Takeaway: Euler angles are excellent for understanding rotations, but clumsy for chaining many rotations. In practice, attitude calculations are done with quaternions or DCMs, and Euler angles are used only for inputs and outputs.

1.2.5 Euler Angle Kinematic Differential Equations

In dynamics we often know the body angular velocity vector

ω = [ ω₁  ω₂  ω₃ ]ᵀ  (in the body frame)
      

and we want the time evolution of the Euler angles.

For the 3–2–1 set, the relation between body rates (p, q, r) and the Euler-angle rates (˙φ, ˙θ, ˙ψ) is

⎡ p ⎤   ⎡ 1   0            −sinθ          ⎤ ⎡ φ̇ ⎤
⎢ q ⎥ = ⎢ 0   cosφ         sinφ cosθ      ⎥ ⎢ θ̇ ⎥
⎣ r ⎦   ⎣ 0  −sinφ         cosφ cosθ      ⎦ ⎣ ψ̇ ⎦
      

This comes from writing ω as a combination of the Euler-rate vectors and also directly in body components (p, q, r), then equating the two expressions.

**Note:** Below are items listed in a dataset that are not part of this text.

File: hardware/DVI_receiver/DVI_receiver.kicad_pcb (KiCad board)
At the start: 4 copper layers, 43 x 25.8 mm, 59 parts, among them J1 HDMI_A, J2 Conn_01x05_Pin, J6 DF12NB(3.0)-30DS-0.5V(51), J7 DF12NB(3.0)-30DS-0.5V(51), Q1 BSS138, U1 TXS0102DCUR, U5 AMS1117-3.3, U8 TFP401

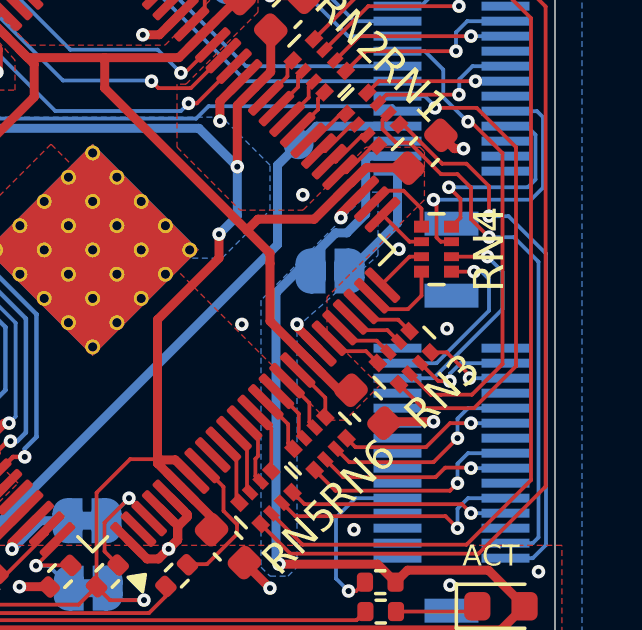
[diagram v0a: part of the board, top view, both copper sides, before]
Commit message: fixed mixup of pins G5/G4 (3rd diff pair ODD) and DE/PCLK (3rd diff pair EVEN), now with correct polarity for diff pairs
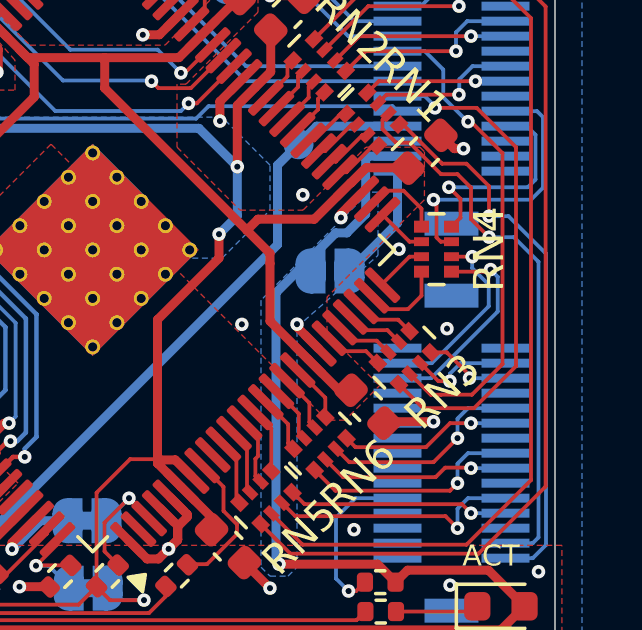
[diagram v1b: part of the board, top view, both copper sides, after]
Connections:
- J6 pad 4: G4 -> G5
- J6 pad 6: G5 -> G4
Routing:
- net G5: track 7.61 -> 6.40 mm
- net G4: track 6.18 -> 7.09 mm
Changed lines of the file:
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@@
 			)
 		)
+		(sheetname "fpga")
+		(sheetfile "fpga.kicad_sch")
 		(attr smd)
 		(fp_line
@@
 			(net 60 "unconnected-(J6-1-Pad2)")
 			(pinfunction "1")
-			(pintype "passive+no_connect")
+			(pintype "passive")
 		)
 		(pad "3" smd rect
@@
 			(size 0.3 1.6)
 			(layers "B.Cu" "B.Paste" "B.Mask")
-			(net 46 "G4")
+			(net 41 "G5")
 			(pinfunction "3")
 			(pintype "passive")
@@
 			(size 0.3 1.6)
 			(layers "B.Cu" "B.Paste" "B.Mask")
-			(net 41 "G5")
+			(net 46 "G4")
 			(pinfunction "5")
 			(pintype "passive")
@@
 	)
 	(segment
-		(start 150.210155 94.319997)
+		(start 149.7 94.319997)
 		(end 149.010155 94.319997)
 		(width 0.127)
@@
 	)
 	(via
-		(at 150.210155 94.319997)
+		(at 149.7 94.319997)
 		(size 0.45)
 		(drill 0.2)
@@
 	)
 	(segment
-		(start 150.710155 96.069998)
-		(end 148.410155 98.369998)
+		(start 150.25 95.975)
+		(end 148.355002 97.869998)
 		(width 0.127)
 		(layer "B.Cu")
@@
 	)
 	(segment
-		(start 150.210155 94.319997)
-		(end 150.710155 94.819996)
+		(start 149.7 94.319997)
+		(end 149.7 94.70191)
 		(width 0.127)
 		(layer "B.Cu")
@@
 	)
 	(segment
-		(start 150.710155 94.819996)
-		(end 150.710155 96.069998)
+		(start 149.7 94.70191)
+		(end 150.25 95.25191)
 		(width 0.127)
 		(layer "B.Cu")
@@
 	)
 	(segment
-		(start 148.410155 98.369998)
-		(end 147.210155 98.369997)
+		(start 148.355002 97.869998)
+		(end 147.210155 97.869998)
+		(width 0.127)
+		(layer "B.Cu")
+		(net 41)
+	)
+	(segment
+		(start 150.25 95.25191)
+		(end 150.25 95.975)
 		(width 0.127)
 		(layer "B.Cu")
@@
 	)
 	(segment
-		(start 149.760156 94.819998)
+		(start 150.241657 94.819998)
 		(end 149.010153 94.819998)
 		(width 0.127)
@@
 		(net 46)
 	)
+	(segment
+		(start 150.311655 94.75)
+		(end 150.241657 94.819998)
+		(width 0.127)
+		(layer "F.Cu")
+		(net 46)
+	)
 	(via
-		(at 149.760156 94.819998)
+		(at 150.311655 94.75)
 		(size 0.45)
 		(drill 0.2)
@@
 	)
 	(segment
-		(start 150.010155 94.819998)
-		(end 150.260155 95.069997)
-		(width 0.127)
-		(layer "B.Cu")
-		(net 46)
-	)
-	(segment
-		(start 149.760156 94.819998)
-		(end 150.010155 94.819998)
+		(start 150.311655 94.75)
+		(end 150.55 94.988345)
 		(width 0.127)
 		(layer "B.Cu")
@@
 	)
 	(segment
-		(start 150.260155 95.069997)
-		(end 150.260155 96.119995)
+		(start 150.55 94.988345)
+		(end 150.55 96.15)
 		(width 0.127)
 		(layer "B.Cu")
@@
 	)
 	(segment
-		(start 150.260155 96.119995)
-		(end 148.510155 97.869997)
+		(start 150.55 96.15)
+		(end 148.330002 98.369998)
 		(width 0.127)
 		(layer "B.Cu")
@@
 	)
 	(segment
-		(start 148.510155 97.869997)
-		(end 147.210155 97.869997)
+		(start 148.330002 98.369998)
+		(end 147.210155 98.369998)
 		(width 0.127)
 		(layer "B.Cu")

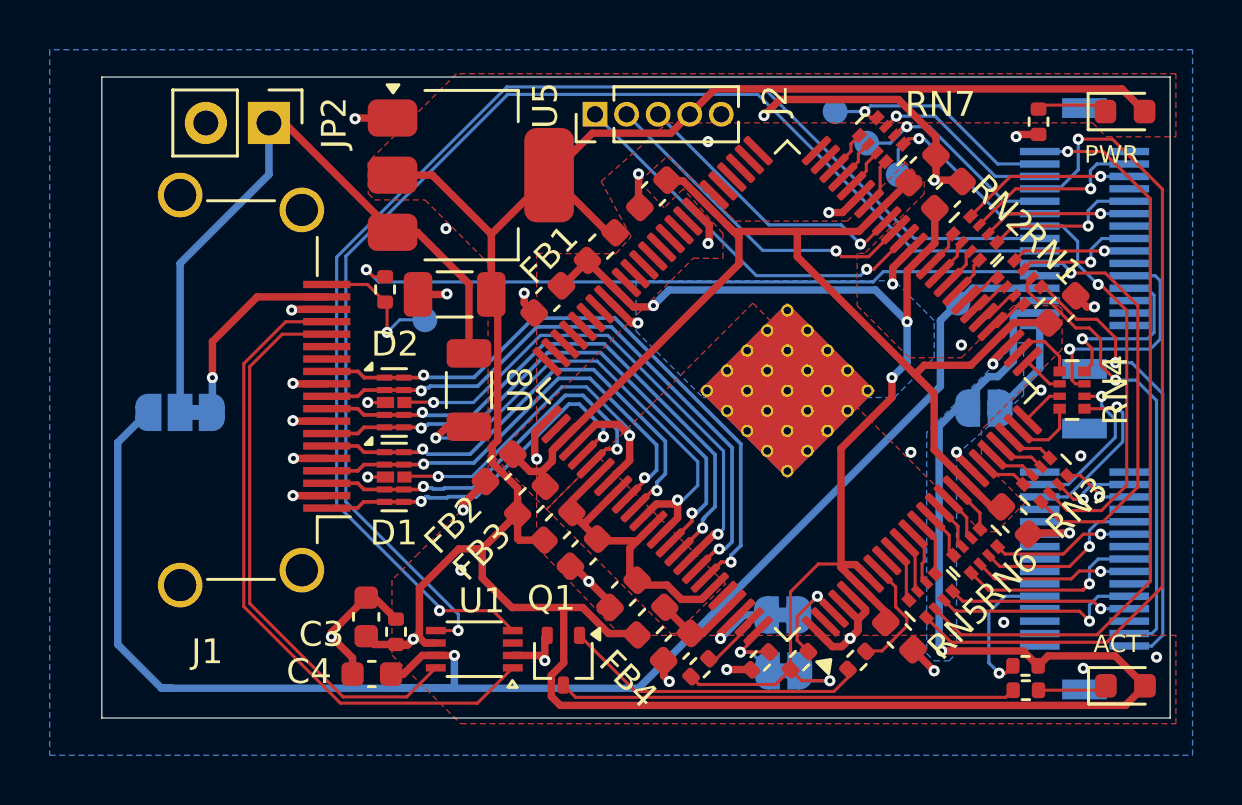
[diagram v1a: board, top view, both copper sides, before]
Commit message: review and update manufacturing constraints (via size, etc.)
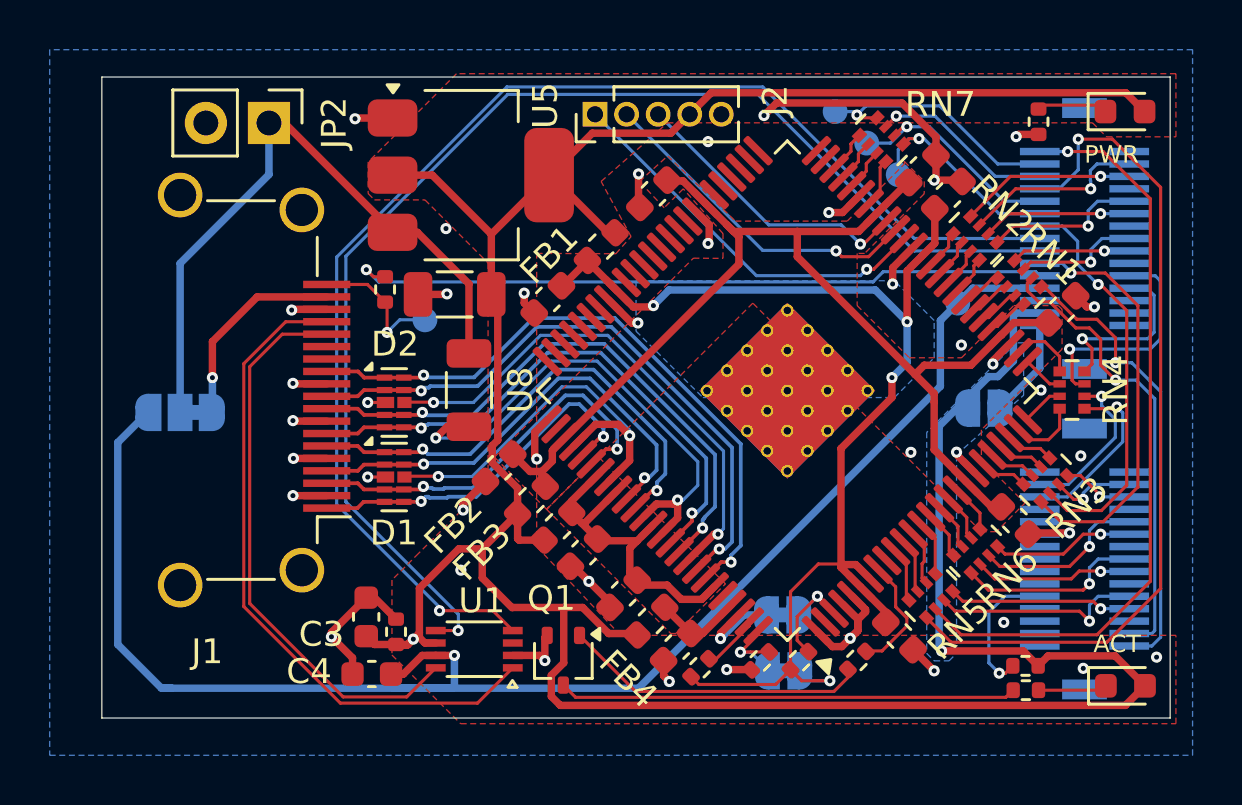
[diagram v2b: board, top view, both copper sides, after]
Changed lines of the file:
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@@
 	)
 	(segment
+		(start 136.110155 83.019996)
+		(end 136.615151 82.515)
+		(width 0.3)
+		(layer "F.Cu")
+		(net 1)
+	)
+	(segment
 		(start 131.27755 99.160215)
 		(end 131.781957 98.655807)
@@
 	)
 	(segment
+		(start 141.665 82.515)
+		(end 143.033162 83.883162)
+		(width 0.3)
+		(layer "F.Cu")
+		(net 1)
+	)
+	(segment
 		(start 124 98.9)
 		(end 124 98.65)
@@
 	)
 	(segment
-		(start 136.755153 82.374998)
-		(end 141.524998 82.374998)
-		(width 0.3)
-		(layer "F.Cu")
-		(net 1)
-	)
-	(segment
 		(start 133.860155 88.169996)
 		(end 133.903277 88.126873)
@@
 	)
 	(segment
-		(start 119.680003 83.119997)
-		(end 119.65 83.15)
+		(start 136.615151 82.515)
+		(end 141.665 82.515)
 		(width 0.3)
 		(layer "F.Cu")
@@
 	)
 	(segment
-		(start 143.033162 83.883162)
-		(end 143.033162 84.62199)
+		(start 119.680003 83.119997)
+		(end 119.65 83.15)
 		(width 0.3)
 		(layer "F.Cu")
@@
 	)
 	(segment
-		(start 136.110155 83.019996)
-		(end 136.755153 82.374998)
-		(width 0.3)
-		(layer "F.Cu")
-		(net 1)
-	)
-	(segment
 		(start 147.160155 83.779996)
 		(end 146.350154 83.779996)
@@
 	)
 	(segment
+		(start 143.033162 83.883162)
+		(end 143.033162 84.62199)
+		(width 0.3)
+		(layer "F.Cu")
+		(net 1)
+	)
+	(segment
 		(start 149.102187 90.719997)
 		(end 148.656171 90.273981)
@@
 	)
 	(segment
-		(start 141.524998 82.374998)
-		(end 143.033162 83.883162)
-		(width 0.3)
-		(layer "F.Cu")
-		(net 1)
-	)
-	(segment
 		(start 141.290155 89.14761)
 		(end 141.290155 89.799998)
@@
 	)
 	(segment
-		(start 140.170156 82.859998)
-		(end 140.42127 83.111112)
+		(start 139.961112 83.111112)
+		(end 140.658377 83.111112)
 		(width 0.127)
 		(layer "F.Cu")
@@
 	)
 	(segment
-		(start 140.42127 83.111112)
-		(end 140.658377 83.111112)
+		(start 139.85 83)
+		(end 139.961112 83.111112)
 		(width 0.127)
 		(layer "F.Cu")
@@
 	)
 	(via
-		(at 140.170156 82.859998)
+		(at 139.85 83)
 		(size 0.45)
 		(drill 0.2)
@@
 	)
 	(segment
-		(start 143.181498 82.631498)
-		(end 145.519997 84.969997)
+		(start 139.709996 82.859996)
+		(end 138.974154 82.859996)
 		(width 0.127)
 		(layer "B.Cu")
@@
 	)
 	(segment
-		(start 140.398656 82.631498)
-		(end 143.181498 82.631498)
+		(start 143.181498 82.631498)
+		(end 145.519997 84.969997)
 		(width 0.127)
 		(layer "B.Cu")
@@
 	)
 	(segment
-		(start 140.170154 82.859996)
-		(end 138.974154 82.859996)
+		(start 145.519997 84.969997)
+		(end 147.210155 84.969997)
 		(width 0.127)
 		(layer "B.Cu")
@@
 	)
 	(segment
-		(start 145.519997 84.969997)
-		(end 147.210155 84.969997)
+		(start 140.218502 82.631498)
+		(end 143.181498 82.631498)
 		(width 0.127)
 		(layer "B.Cu")
@@
 	)
 	(segment
-		(start 140.170156 82.859998)
-		(end 140.170154 82.859996)
+		(start 139.85 83)
+		(end 140.218502 82.631498)
 		(width 0.127)
 		(layer "B.Cu")
@@
 	)
 	(segment
-		(start 140.170156 82.859998)
-		(end 140.398656 82.631498)
+		(start 139.85 83)
+		(end 139.709996 82.859996)
 		(width 0.127)
 		(layer "B.Cu")
@@
 	)
 	(segment
-		(start 152.160154 94.219995)
-		(end 152.160154 103.929996)
+		(start 152.075 104.01515)
+		(end 151.720154 104.369996)
 		(width 0.127)
 		(layer "B.Cu")
@@
 	)
 	(segment
-		(start 152.160154 103.929996)
-		(end 151.720154 104.369996)
+		(start 152.075 94.134841)
+		(end 152.075 104.01515)
 		(width 0.127)
 		(layer "B.Cu")
@@
 	(segment
 		(start 150.910155 92.969996)
-		(end 152.160154 94.219995)
+		(end 152.075 94.134841)
 		(width 0.127)
 		(layer "B.Cu")
@@
 	)
 	(segment
-		(start 150.260155 93.669997)
-		(end 151.090155 93.669997)
+		(start 151.090155 93.669997)
+		(end 151.838 94.417842)
 		(width 0.127)
 		(layer "B.Cu")
@@
 	)
 	(segment
-		(start 151.910155 94.489996)
-		(end 151.910155 103.679997)
+		(start 151.720154 103.869998)
+		(end 150.810155 103.869996)
 		(width 0.127)
 		(layer "B.Cu")
@@
 	)
 	(segment
-		(start 151.720154 103.869998)
-		(end 150.810155 103.869996)
+		(start 150.260155 93.669997)
+		(end 151.090155 93.669997)
 		(width 0.127)
 		(layer "B.Cu")
@@
 	)
 	(segment
-		(start 151.090155 93.669997)
-		(end 151.910155 94.489996)
+		(start 151.838 103.752152)
+		(end 151.720154 103.869998)
 		(width 0.127)
 		(layer "B.Cu")
@@
 	)
 	(segment
-		(start 151.910155 103.679997)
-		(end 151.720154 103.869998)
+		(start 151.838 94.417842)
+		(end 151.838 103.752152)
 		(width 0.127)
 		(layer "B.Cu")
@@
 	)
 	(segment
-		(start 149.910155 104.219996)
-		(end 143.638834 104.219996)
+		(start 143.638834 104.219996)
+		(end 142.649494 103.230656)
 		(width 0.127)
 		(layer "F.Cu")
@@
 	)
 	(segment
-		(start 143.638834 104.219996)
-		(end 142.649494 103.230656)
+		(start 152.075 102.055151)
+		(end 149.910155 104.219996)
 		(width 0.127)
 		(layer "F.Cu")
@@
 	)
 	(segment
-		(start 152.147155 85.981995)
-		(end 152.147155 101.982997)
+		(start 149.910155 104.219996)
+		(end 143.638834 104.219996)
 		(width 0.127)
 		(layer "F.Cu")
@@
 	)
 	(segment
-		(start 150.135155 83.969995)
-		(end 152.147155 85.981995)
+		(start 148.760155 83.969998)
+		(end 150.135155 83.969995)
 		(width 0.127)
 		(layer "F.Cu")
@@
 	)
 	(segment
-		(start 148.760155 83.969998)
-		(end 150.135155 83.969995)
+		(start 152.075 85.90984)
+		(end 152.075 102.055151)
 		(width 0.127)
 		(layer "F.Cu")
@@
 	)
 	(segment
-		(start 152.147155 101.982997)
-		(end 149.910155 104.219996)
+		(start 150.135155 83.969995)
+		(end 152.075 85.90984)
 		(width 0.127)
 		(layer "F.Cu")
@@
 	)
 	(segment
-		(start 151.427655 82.859996)
-		(end 150.517659 81.95)
-		(width 0.3)
-		(layer "F.Cu")
-		(net 137)
-	)
-	(segment
 		(start 127.550155 105.550085)
 		(end 128.05 105.05024)
@@
 	)
 	(segment
+		(start 150.672659 82.105)
+		(end 133.985152 82.105)
+		(width 0.3)
+		(layer "F.Cu")
+		(net 137)
+	)
+	(segment
 		(start 147.145153 105.169997)
 		(end 147.545154 104.769996)
@@
 	)
 	(segment
+		(start 133.985152 82.105)
+		(end 133.120155 82.969997)
+		(width 0.3)
+		(layer "F.Cu")
+		(net 137)
+	)
+	(segment
 		(start 146.545154 104.569997)
 		(end 147.145153 105.169997)
@@
 	)
 	(segment
-		(start 150.517659 81.95)
-		(end 134.140152 81.95)
-		(width 0.3)
-		(layer "F.Cu")
-		(net 137)
-	)
-	(segment
 		(start 125.395154 90.479995)
 		(end 125.135157 90.219998)
@@
 	)
 	(segment
-		(start 134.140152 81.95)
-		(end 133.120155 82.969997)
+		(start 151.427655 82.859996)
+		(end 150.672659 82.105)
 		(width 0.3)
 		(layer "F.Cu")

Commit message: fix R0/R1 mixup
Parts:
- moved G*** 1.43 mm to (121.5, 83.2)
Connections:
- J6 pad 27: R1 -> R0
- J6 pad 29: R0 -> R1
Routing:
- net +5V_OUT: track 62.8 -> 59.2 mm
- net R0: track 18.4 -> 17.6 mm
- net R1: track 18.5 -> 19.3 mm
- net GND: track 120.3 -> 119.6 mm
- net VIO: track 124.7 -> 125.2 mm
- net /fpga/CTL3: track 11.8 -> 12.3 mm
- added copper zone on F.Cu, net VDDIO
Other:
- board text added: "DVI receiver v0.09"
- board text added: "VERSION:"
- board text removed: "DVI Receiver v0.09"

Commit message: fixes for producion and notes
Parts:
- moved TP5 0.46 mm to (141.8, 85.8)
- moved SJ1 0.28 mm to (136.9, 105.7)
- moved TP4 0.28 mm to (140.3, 84.4)
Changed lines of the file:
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@@
 			)
 		)
-		(sheetname "power")
-		(sheetfile "power.kicad_sch")
 		(attr smd)
 		(fp_line
@@
 		(fp_line
 			(start -4.4 3.6)
-			(end 4.4 3.6)
+			(end 2.05 3.6)
 			(stroke
 				(width 0.05)
@@
 		)
 		(fp_line
-			(start 4.4 -3.6)
+			(start 2.05 -3.6)
 			(end -4.4 -3.6)
 			(stroke
@@
 		)
 		(fp_line
-			(start 4.4 3.6)
-			(end 4.4 -3.6)
+			(start 2.05 -3.6)
+			(end 2.05 -2.15)
+			(stroke
+				(width 0.05)
+				(type default)
+			)
+			(layer "F.CrtYd")
+		)
+		(fp_line
+			(start 2.05 -2.15)
+			(end 4.4 -2.15)
+			(stroke
+				(width 0.05)
+				(type default)
+			)
+			(layer "F.CrtYd")
+		)
+		(fp_line
+			(start 2.05 2.15)
+			(end 4.4 2.15)
+			(stroke
+				(width 0.05)
+				(type default)
+			)
+			(layer "F.CrtYd")
+			(net 1915934576)
+		)
+		(fp_line
+			(start 2.05 3.6)
+			(end 2.05 2.15)
+			(stroke
+				(width 0.05)
+				(type default)
+			)
+			(layer "F.CrtYd")
+			(net 1915934576)
+		)
+		(fp_line
+			(start 4.4 2.15)
+			(end 4.4 -2.15)
 			(stroke
 				(width 0.05)
@@
 	(footprint "Jumper:SolderJumper-2_P1.3mm_Bridged_RoundedPad1.0x1.5mm"
 		(layer "B.Cu")
-		(at 136.900154 105.369997)
+		(at 136.900154 105.65)
 		(descr "SMD Solder Jumper, 1x1.5mm, rounded Pads, 0.3mm gap, bridged with 1 copper strip")
 		(tags "net tie solder jumper bridged")
@@
 	(footprint "TestPoint:TestPoint_Pad_D1.0mm"
 		(layer "B.Cu")
-		(at 140.244155 84.129996 -90)
+		(at 140.3 84.4 -90)
 		(descr "SMD pad as test Point, diameter 1.0mm")
 		(tags "test point SMD pad")
@@
 	(footprint "TestPoint:TestPoint_Pad_D1.0mm"
 		(layer "B.Cu")
-		(at 141.514156 85.399997 -90)
+		(at 141.75 85.8 -90)
 		(descr "SMD pad as test Point, diameter 1.0mm")
 		(tags "test point SMD pad")
@@
 	)
 	(segment
-		(start 138.030153 105.769996)
-		(end 137.550154 105.289996)
-		(width 0.127)
-		(layer "B.Cu")
-		(net 29)
-	)
-	(segment
 		(start 141.870156 92.959998)
 		(end 141.870155 91.319997)
@@
 	)
 	(segment
+		(start 137.67015 105.769997)
+		(end 137.550153 105.65)
+		(width 0.127)
+		(layer "B.Cu")
+		(net 29)
+	)
+	(segment
 		(start 138.760155 105.769997)
-		(end 138.030153 105.769996)
+		(end 137.67015 105.769997)
 		(width 0.127)
 		(layer "B.Cu")
@@
 	)
 	(segment
-		(start 147.210155 86.469996)
-		(end 145.769996 86.469996)
+		(start 140.3 84.4)
+		(end 140.930151 84.4)
 		(width 0.127)
 		(layer "B.Cu")
@@
 	)
 	(segment
-		(start 145.769996 86.469996)
-		(end 142.769996 83.469996)
+		(start 140.930151 84.4)
+		(end 141.860155 83.469996)
 		(width 0.127)
 		(layer "B.Cu")
@@
 	)
 	(segment
-		(start 140.244155 84.129996)
-		(end 141.200155 84.129996)
+		(start 147.210155 86.469996)
+		(end 145.769996 86.469996)
 		(width 0.127)
 		(layer "B.Cu")
@@
 	)
 	(segment
-		(start 142.769996 83.469996)
-		(end 141.860155 83.469996)
+		(start 145.769996 86.469996)
+		(end 142.769996 83.469996)
 		(width 0.127)
 		(layer "B.Cu")
@@
 	)
 	(segment
-		(start 141.200155 84.129996)
+		(start 142.769996 83.469996)
 		(end 141.860155 83.469996)
 		(width 0.127)
@@
 	)
 	(segment
-		(start 142.35 83.95)
-		(end 141.948152 83.95)
+		(start 141.75 84.5)
+		(end 141.75 85.8)
 		(width 0.127)
 		(layer "B.Cu")
@@
 	)
 	(segment
-		(start 145.569996 86.969996)
-		(end 147.210155 86.969996)
+		(start 142.3 83.95)
+		(end 141.75 84.5)
 		(width 0.127)
 		(layer "B.Cu")
@@
 	)
 	(segment
-		(start 141.514155 84.383997)
-		(end 141.514156 85.399997)
+		(start 145.569996 86.969996)
+		(end 147.210155 86.969996)
 		(width 0.127)
 		(layer "B.Cu")
@@
 	)
 	(segment
-		(start 141.948152 83.95)
-		(end 141.514155 84.383997)
+		(start 142.35 83.95)
+		(end 142.3 83.95)
 		(width 0.127)
 		(layer "B.Cu")
@@
 	)
 	(segment
-		(start 135.580155 104.619998)
-		(end 136.250155 105.289998)
+		(start 135.160155 104.619996)
+		(end 135.220151 104.619996)
 		(width 0.127)
 		(layer "B.Cu")
@@
 	)
 	(segment
-		(start 135.160155 104.619996)
-		(end 135.580155 104.619998)
+		(start 135.220151 104.619996)
+		(end 136.250155 105.65)
 		(width 0.127)
 		(layer "B.Cu")
@@
 			(pts
 				(xy 135.410155 102.619998) (xy 135.910155 102.119998) (xy 137.860155 102.119998) (xy 138.310155 102.569998)
-				(xy 138.310155 105.919997) (xy 137.960156 106.269997) (xy 135.910155 106.269997) (xy 135.410154 105.769996)
+				(xy 138.310155 106.219997) (xy 137.960156 106.569997) (xy 135.910155 106.569997) (xy 135.410154 106.069996)
 			)
 		)

The coefficient matrix becomes singular at the same attitudes as before:

• 3–2–1: θ = ± 90°.
• 3–1–3: i = 0° or 180°.

At these points it is impossible to invert the equations to obtain Euler angle rates from (p, q, r).

1.2.6 Practical Remarks on Euler Angles

Advantages

• Only three parameters – compact and easy to visualise.
• Direct link to pilot-style concepts (yaw, pitch, roll) and to orbital elements (RAAN, inclination, argument of periapsis).

Limitations

• Every Euler set has at least one singular orientation.
• Any attitude is at most 90° away from some singularity.
• Kinematic differential equations are nonlinear and contain many trigonometric functions.
• Symmetric sets like 3–1–3 place the small-angle regime close to a singular attitude, which is awkward for describing small deviations.

Because of these issues, modern attitude estimation and control usually:

• use quaternions or DCMs internally for propagation and control,
• convert to Euler angles only for display or user-level commands.